## [What this task involves]
Between the line containing "import ezdxf" and the line containing "(3915.11, 38753.43)], flags=16)" lies a run of lines; give that run again exactly, with both of those lines, and nothing else from the entries below.

Top of Data

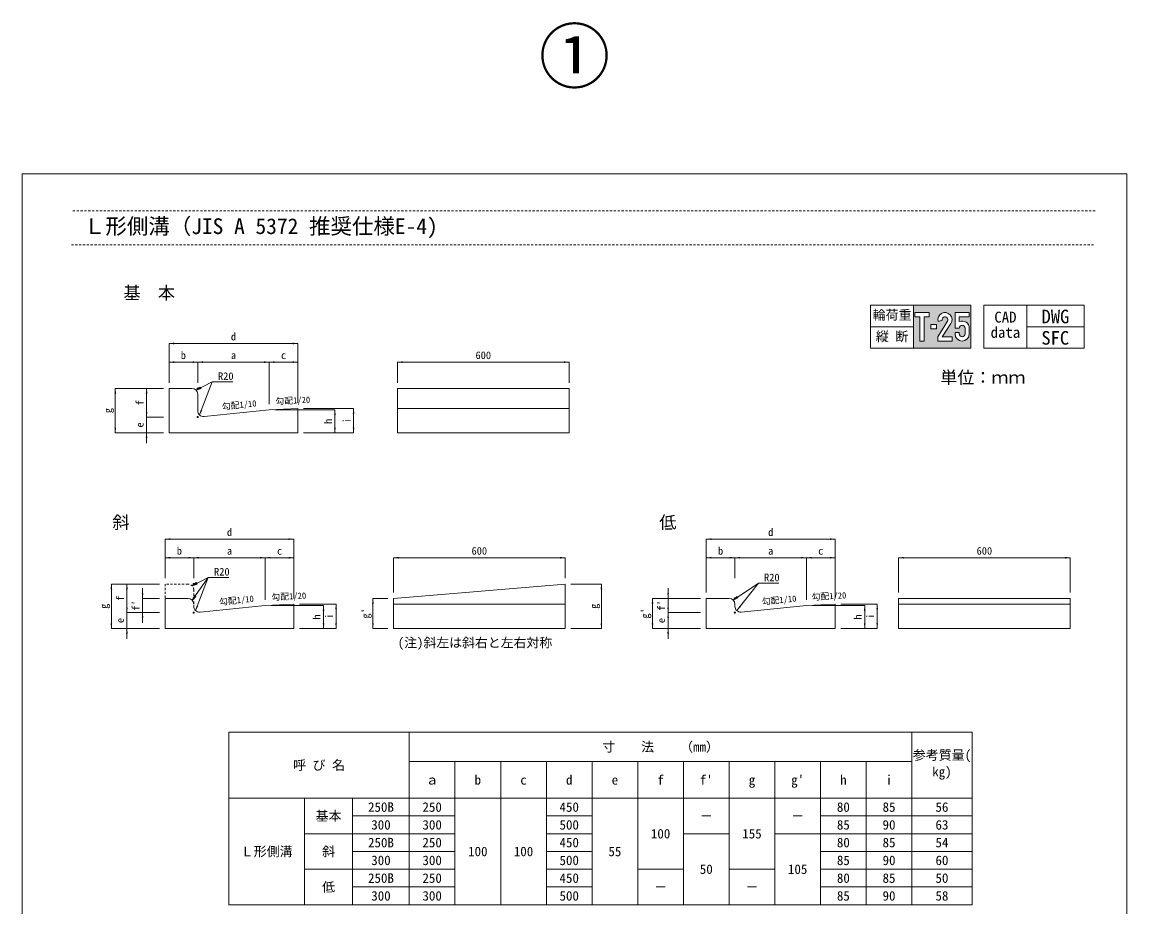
# Model space of a CAD drawing. Units: millimetres at full size, sheet at 1:10. Extents: x 763 to 9194, y 33652 to 39783.
# Drawn here: x 763 to 4623, y 36692 to 39783 of the extents above; entities that cross this region are included whole.
import ezdxf
from ezdxf.enums import TextEntityAlignment as Align

# ---------------------------------------------------------------- set-up
doc = ezdxf.new("R2010")
doc.units = ezdxf.units.MM
doc.header["$LTSCALE"] = 10
doc.linetypes.add('USER1', pattern=[1.35, 0.75, -0.6])
for name, color, linetype, lineweight in [('(0-0)', 2, 'Continuous', 13), ('0_2', 7, 'Continuous', 20), ('寸法線', 7, 'Continuous', 9), ('引出線', 4, 'Continuous', 9), ('本体', 2, 'Continuous', 20), ('枠', 5, 'Continuous', 5), ('補助線', 8, 'Continuous', 13), ('ﾊｯﾁﾝｸﾞ', 7, 'Continuous', 5)]:
    doc.layers.add(name, color=color, linetype=linetype, lineweight=lineweight)
doc.styles.add('ＭＳ ゴシック', font='')
doc.styles.get('ＭＳ ゴシック').set_extended_font_data('MS Gothic')

# ---------------------------------------------------------------- blocks, each defined once
blk = doc.blocks.new('filled_arrow')
at = {"color": 0, "linetype": 'Continuous', "lineweight": -2}
blk.add_solid([(7.5, 1.25), (0, 0), (7.5, -1.25)], dxfattribs=at)

msp = doc.modelspace()

# ---------------------------------------------------------------- hatches: boundary and pattern name
at = {"layer": '引出線'}
for points in [[(1370.83, 38496.97), (1388.27, 38502.35), (1385.58, 38507.72)], [(1356.94, 37813.66), (1374.37, 37819.04), (1371.69, 37824.4)], [(1356.94, 37763.66), (1369.92, 37776.48), (1365.06, 37779.99)], [(3247.69, 37763.66), (3264.33, 37771.15), (3261, 37776.14)]]:
    msp.add_hatch(color=256, dxfattribs=at).paths.add_polyline_path(points)
at = {"layer": 'ﾊｯﾁﾝｸﾞ'}
h = msp.add_hatch(color=256, dxfattribs=at)
h.paths.add_polyline_path([(4077.61, 38643.43), (4077.61, 38793.43), (3877.61, 38793.43), (3877.61, 38643.43)])
h.paths.add_polyline_path([(3915.11, 38668.43), (3900.11, 38668.43), (3900.11, 38753.43), (3882.61, 38753.43), (3882.61, 38768.43), (3932.61, 38768.43), (3932.61, 38753.43), (3915.11, 38753.43)], flags=16)
h.paths.add_polyline_path([(3962.61, 38683.43), (3995.95, 38737.91, 0.53298), (3989.13, 38752.78, 0.53298), (3977.95, 38740.84), (3963.46, 38736.96, -0.5398), (3991.54, 38767.58, -0.5398), (4008.46, 38729.64), (3977.9, 38683.43), (4012.61, 38683.43), (4012.61, 38668.43), (3962.61, 38668.43)], flags=16)
h.paths.add_polyline_path([(3937.61, 38710.93), (3937.61, 38725.93), (3957.61, 38725.93), (3957.61, 38710.93)], flags=16)
h.paths.add_polyline_path([(4022.61, 38693.43), (4022.61, 38698.43), (4037.61, 38698.43), (4037.61, 38693.43, 1), (4057.61, 38693.43), (4057.61, 38713.43, 1), (4037.61, 38713.43), (4022.61, 38713.43), (4022.61, 38768.43), (4072.61, 38768.43), (4072.61, 38753.43), (4037.61, 38753.43), (4037.61, 38736.34, -0.54057), (4072.61, 38713.43), (4072.61, 38693.43, -0.41421), (4047.61, 38668.43, -0.41421)], flags=16)

# ---------------------------------------------------------------- linework, layer by layer
at = {"layer": '(0-0)', "color": 7, "linetype": 'USER1', "lineweight": 9}
for p, q in [((4511.96, 39123.36), (935.19, 39123.36)), ((935.19, 39004.82), (4511.96, 39004.82))]:
    msp.add_line(p, q, dxfattribs=at)
at = {"layer": '(0-0)'}
for p, q in [((2074.52, 38432.83), (2674.52, 38432.83)), ((2060.63, 37749.51), (2660.63, 37749.51)), ((3825.14, 37749.51), (4425.14, 37749.51))]:
    msp.add_line(p, q, dxfattribs=at)
at = {"layer": '0_2'}
for p, q in [((1485.46, 37302.47), (4082.06, 37302.47)), ((1485.46, 37302.47), (1485.46, 36699.21)), ((2115.96, 37302.47), (2115.96, 36699.21)), ((3871.88, 37302.47), (3871.88, 36699.21)), ((4082.06, 37302.47), (4082.06, 36699.21)), ((2115.96, 37199.21), (3871.88, 37199.21)), ((2275.59, 37199.21), (2275.59, 36699.21)), ((2435.22, 37199.21), (2435.22, 36699.21)), ((2594.85, 37199.21), (2594.85, 36699.21)), ((2754.48, 37199.21), (2754.48, 36699.21)), ((2914.11, 37199.21), (2914.11, 36699.21)), ((3073.74, 37199.21), (3073.74, 36699.21)), ((3233.37, 37199.21), (3233.37, 36699.21)), ((3393, 37199.21), (3393, 36699.21)), ((3552.62, 37199.21), (3552.62, 36699.21)), ((3712.25, 37199.21), (3712.25, 36699.21)), ((1485.46, 37071.45), (4082.06, 37071.45)), ((1749.81, 37071.45), (1749.81, 36699.21)), ((1918.02, 37071.45), (1918.02, 36699.21)), ((1918.02, 37009.41), (2275.59, 37009.41)), ((2594.85, 37009.41), (2754.48, 37009.41)), ((3552.62, 37009.41), (4082.06, 37009.41)), ((1749.81, 36947.37), (2275.59, 36947.37)), ((2594.85, 36947.37), (2754.48, 36947.37)), ((3073.74, 36947.37), (3233.37, 36947.37)), ((3393, 36947.37), (4082.06, 36947.37)), ((1918.02, 36885.33), (2275.59, 36885.33)), ((2594.85, 36885.33), (2754.48, 36885.33)), ((3552.62, 36885.33), (4082.06, 36885.33)), ((1749.81, 36823.29), (2275.59, 36823.29)), ((2594.85, 36823.29), (2754.48, 36823.29)), ((2914.11, 36823.29), (3073.74, 36823.29)), ((3233.37, 36823.29), (3393, 36823.29)), ((3552.62, 36823.29), (4082.06, 36823.29)), ((1918.02, 36761.25), (2275.59, 36761.25)), ((2594.85, 36761.25), (2754.48, 36761.25)), ((3552.62, 36761.25), (4082.06, 36761.25)), ((1485.46, 36699.21), (4082.06, 36699.21))]:
    msp.add_line(p, q, dxfattribs=at)
at = {"layer": '寸法線'}
for p, q in [((1276.69, 38659.86), (1726.69, 38659.86)), ((1276.69, 38522.83), (1276.69, 38659.86)), ((1726.69, 38452.83), (1726.69, 38659.86)), ((1276.69, 38594.77), (1376.69, 38594.77)), ((1276.69, 38522.83), (1276.69, 38594.77)), ((1376.69, 38522.83), (1376.69, 38594.77)), ((1376.69, 38594.77), (1626.69, 38594.77)), ((1376.69, 38522.83), (1376.69, 38594.77)), ((1626.69, 38447.83), (1626.69, 38594.77)), ((1626.69, 38594.77), (1726.69, 38594.77)), ((1626.69, 38447.83), (1626.69, 38594.77)), ((1726.69, 38452.83), (1726.69, 38594.77)), ((2074.52, 38594.77), (2674.52, 38594.77)), ((2074.52, 38522.83), (2074.52, 38594.77)), ((2674.52, 38522.83), (2674.52, 38594.77)), ((1088.87, 38347.83), (1088.87, 38502.83)), ((1256.69, 38502.83), (1088.87, 38502.83)), ((1198.14, 38402.83), (1198.14, 38502.83)), ((1256.69, 38502.83), (1198.14, 38502.83)), ((1198.14, 38311.83), (1198.14, 38438.83)), ((1646.69, 38427.83), (1856.09, 38427.83)), ((1746.69, 38432.83), (1921.24, 38432.83)), ((1856.09, 38347.83), (1856.09, 38427.83)), ((1921.24, 38347.83), (1921.24, 38432.83)), ((1256.69, 38402.83), (1198.14, 38402.83)), ((1256.69, 38402.83), (1198.14, 38402.83)), ((1256.69, 38347.83), (1088.87, 38347.83)), ((1256.69, 38347.83), (1198.14, 38347.83)), ((1746.69, 38347.83), (1856.09, 38347.83)), ((1746.69, 38347.83), (1921.24, 38347.83)), ((1262.8, 37976.54), (1712.79, 37976.54)), ((1262.8, 37839.51), (1262.8, 37976.54)), ((1712.79, 37769.51), (1712.79, 37976.54)), ((3153.55, 37976.54), (3603.55, 37976.54)), ((3153.55, 37789.51), (3153.55, 37976.54)), ((3603.55, 37769.51), (3603.55, 37976.54)), ((1262.8, 37911.45), (1362.79, 37911.45)), ((1262.8, 37839.51), (1262.8, 37911.45)), ((1362.79, 37839.51), (1362.79, 37911.45)), ((1362.79, 37911.45), (1612.8, 37911.45)), ((1362.79, 37839.51), (1362.79, 37911.45)), ((1612.8, 37764.51), (1612.8, 37911.45)), ((1612.8, 37911.45), (1712.79, 37911.45)), ((1612.8, 37764.51), (1612.8, 37911.45)), ((1712.79, 37769.51), (1712.79, 37911.45)), ((2060.63, 37911.45), (2660.63, 37911.45)), ((2060.63, 37789.51), (2060.63, 37911.45)), ((2660.63, 37839.51), (2660.63, 37911.45)), ((3153.55, 37911.45), (3253.55, 37911.45)), ((3153.55, 37789.51), (3153.55, 37911.45)), ((3253.55, 37839.51), (3253.55, 37911.45)), ((3253.55, 37911.45), (3503.55, 37911.45)), ((3253.55, 37839.51), (3253.55, 37911.45)), ((3503.55, 37764.51), (3503.55, 37911.45)), ((3503.55, 37911.45), (3603.55, 37911.45)), ((3503.55, 37764.51), (3503.55, 37911.45)), ((3603.55, 37769.51), (3603.55, 37911.45)), ((3825.14, 37911.45), (4425.14, 37911.45)), ((3825.14, 37789.51), (3825.14, 37911.45)), ((4425.14, 37789.51), (4425.14, 37911.45)), ((1074.98, 37664.51), (1074.98, 37819.51)), ((1242.8, 37819.51), (1074.98, 37819.51)), ((1129.48, 37719.51), (1129.48, 37819.51)), ((1242.8, 37819.51), (1129.48, 37819.51)), ((1184.24, 37683.51), (1184.24, 37805.51)), ((2680.63, 37819.51), (2787.09, 37819.51)), ((2787.09, 37664.51), (2787.09, 37819.51)), ((3020.24, 37683.51), (3020.24, 37805.51)), ((1129.48, 37628.51), (1129.48, 37755.51)), ((1242.8, 37769.51), (1184.24, 37769.51)), ((1988.99, 37664.51), (1988.99, 37769.51)), ((2040.63, 37769.51), (1988.99, 37769.51)), ((2965.73, 37664.51), (2965.73, 37769.51)), ((3133.55, 37769.51), (2965.73, 37769.51)), ((3133.55, 37769.51), (3020.24, 37769.51)), ((3020.24, 37628.51), (3020.24, 37755.51)), ((1242.8, 37719.51), (1129.48, 37719.51)), ((1242.8, 37719.51), (1129.48, 37719.51)), ((1242.8, 37719.51), (1184.24, 37719.51)), ((1632.8, 37744.51), (1816.35, 37744.51)), ((1732.79, 37749.51), (1860.01, 37749.51)), ((1816.35, 37664.51), (1816.35, 37744.51)), ((1860.01, 37664.51), (1860.01, 37749.51)), ((3133.55, 37719.51), (3020.24, 37719.51)), ((3133.55, 37719.51), (3020.24, 37719.51)), ((3523.55, 37744.51), (3707.1, 37744.51)), ((3623.55, 37749.51), (3750.76, 37749.51)), ((3707.1, 37664.51), (3707.1, 37744.51)), ((3750.76, 37664.51), (3750.76, 37749.51)), ((1242.8, 37664.51), (1074.98, 37664.51)), ((1202.39, 37664.51), (1129.48, 37664.51)), ((1732.79, 37664.51), (1816.35, 37664.51)), ((1732.79, 37664.51), (1860.01, 37664.51)), ((2040.63, 37664.51), (1988.99, 37664.51)), ((2680.63, 37664.51), (2787.09, 37664.51)), ((3133.55, 37664.51), (2965.73, 37664.51)), ((3133.55, 37664.51), (3020.24, 37664.51)), ((3623.55, 37664.51), (3707.1, 37664.51)), ((3623.55, 37664.51), (3750.76, 37664.51))]:
    msp.add_line(p, q, dxfattribs=at)
at = {"layer": '引出線'}
for p, q in [((1370.83, 38496.97), (1427.65, 38525.44)), ((1356.94, 37813.66), (1413.76, 37842.13)), ((1356.94, 37763.66), (1413.76, 37842.13)), ((3247.69, 37763.66), (3335.47, 37822.22))]:
    msp.add_line(p, q, dxfattribs=at)
for points in [[(1383.27, 38410.1), (1427.65, 38525.44), (1499.1, 38525.44)], [(1369.37, 37726.79), (1413.76, 37842.13), (1485.21, 37842.13)], [(3260.13, 37726.78), (3335.47, 37822.22), (3406.92, 37822.22)]]:
    msp.add_lwpolyline(points, dxfattribs=at)
for points in [[(1370.83, 38496.97), (1388.27, 38502.35), (1385.58, 38507.72)], [(1356.94, 37813.66), (1374.37, 37819.04), (1371.69, 37824.4)], [(1356.94, 37763.66), (1369.92, 37776.48), (1365.06, 37779.99)], [(3247.69, 37763.66), (3264.33, 37771.15), (3261, 37776.14)]]:
    msp.add_lwpolyline(points, close=True, dxfattribs=at)
at = {"layer": '本体'}
for p, q in [((1276.69, 38502.83), (1276.69, 38347.83)), ((1356.69, 38502.83), (1276.69, 38502.83)), ((2074.52, 38502.83), (2074.52, 38347.83)), ((2074.52, 38502.83), (2674.52, 38502.83)), ((2674.52, 38502.83), (2674.52, 38347.83)), ((1376.69, 38482.83), (1376.69, 38424.93)), ((1398.68, 38405.03), (1626.69, 38427.83)), ((1626.69, 38427.83), (1726.69, 38432.83)), ((1726.69, 38432.83), (1726.69, 38347.83)), ((1276.69, 38347.83), (1726.69, 38347.83)), ((2074.52, 38347.83), (2674.52, 38347.83)), ((2060.63, 37769.51), (2660.63, 37819.51)), ((2660.63, 37819.51), (2660.63, 37664.51)), ((1262.8, 37769.51), (1262.8, 37664.51)), ((1342.79, 37769.51), (1262.8, 37769.51)), ((2060.63, 37769.51), (2060.63, 37664.51)), ((3153.55, 37769.51), (3153.55, 37664.51)), ((3233.55, 37769.51), (3153.55, 37769.51)), ((3825.14, 37664.51), (3825.14, 37769.51)), ((3825.14, 37769.51), (4425.14, 37769.51)), ((4425.14, 37664.51), (4425.14, 37769.51)), ((1384.79, 37721.71), (1612.79, 37744.51)), ((1612.79, 37744.51), (1712.79, 37749.51)), ((1712.79, 37749.51), (1712.79, 37664.51)), ((3253.55, 37749.51), (3253.55, 37741.61)), ((3275.54, 37721.71), (3503.55, 37744.51)), ((3503.55, 37744.51), (3603.55, 37749.51)), ((3603.55, 37749.51), (3603.55, 37664.51)), ((1262.8, 37664.51), (1712.79, 37664.51)), ((2060.63, 37664.51), (2660.63, 37664.51)), ((3153.55, 37664.51), (3603.55, 37664.51)), ((3825.14, 37664.51), (4425.14, 37664.51))]:
    msp.add_line(p, q, dxfattribs=at)
at = {"layer": '本体', "linetype": 'USER1', "lineweight": 9}
for p, q in [((1262.8, 37819.51), (1262.8, 37769.51)), ((1342.79, 37819.51), (1262.8, 37819.51)), ((1362.79, 37799.51), (1362.79, 37741.61))]:
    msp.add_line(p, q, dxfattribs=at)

Bottom of Data

## [Response]
import ezdxf
from ezdxf.enums import TextEntityAlignment as Align

# ---------------------------------------------------------------- set-up
doc = ezdxf.new("R2010")
doc.units = ezdxf.units.MM
doc.header["$LTSCALE"] = 10
doc.linetypes.add('USER1', pattern=[1.35, 0.75, -0.6])
for name, color, linetype, lineweight in [('(0-0)', 2, 'Continuous', 13), ('0_2', 7, 'Continuous', 20), ('寸法線', 7, 'Continuous', 9), ('引出線', 4, 'Continuous', 9), ('本体', 2, 'Continuous', 20), ('枠', 5, 'Continuous', 5), ('補助線', 8, 'Continuous', 13), ('ﾊｯﾁﾝｸﾞ', 7, 'Continuous', 5)]:
    doc.layers.add(name, color=color, linetype=linetype, lineweight=lineweight)
doc.styles.add('ＭＳ ゴシック', font='')
doc.styles.get('ＭＳ ゴシック').set_extended_font_data('MS Gothic')

# ---------------------------------------------------------------- blocks, each defined once
blk = doc.blocks.new('filled_arrow')
at = {"color": 0, "linetype": 'Continuous', "lineweight": -2}
blk.add_solid([(7.5, 1.25), (0, 0), (7.5, -1.25)], dxfattribs=at)

msp = doc.modelspace()

# ---------------------------------------------------------------- hatches: boundary and pattern name
at = {"layer": '引出線'}
for points in [[(1370.83, 38496.97), (1388.27, 38502.35), (1385.58, 38507.72)], [(1356.94, 37813.66), (1374.37, 37819.04), (1371.69, 37824.4)], [(1356.94, 37763.66), (1369.92, 37776.48), (1365.06, 37779.99)], [(3247.69, 37763.66), (3264.33, 37771.15), (3261, 37776.14)]]:
    msp.add_hatch(color=256, dxfattribs=at).paths.add_polyline_path(points)
at = {"layer": 'ﾊｯﾁﾝｸﾞ'}
h = msp.add_hatch(color=256, dxfattribs=at)
h.paths.add_polyline_path([(4077.61, 38643.43), (4077.61, 38793.43), (3877.61, 38793.43), (3877.61, 38643.43)])
h.paths.add_polyline_path([(3915.11, 38668.43), (3900.11, 38668.43), (3900.11, 38753.43), (3882.61, 38753.43), (3882.61, 38768.43), (3932.61, 38768.43), (3932.61, 38753.43), (3915.11, 38753.43)], flags=16)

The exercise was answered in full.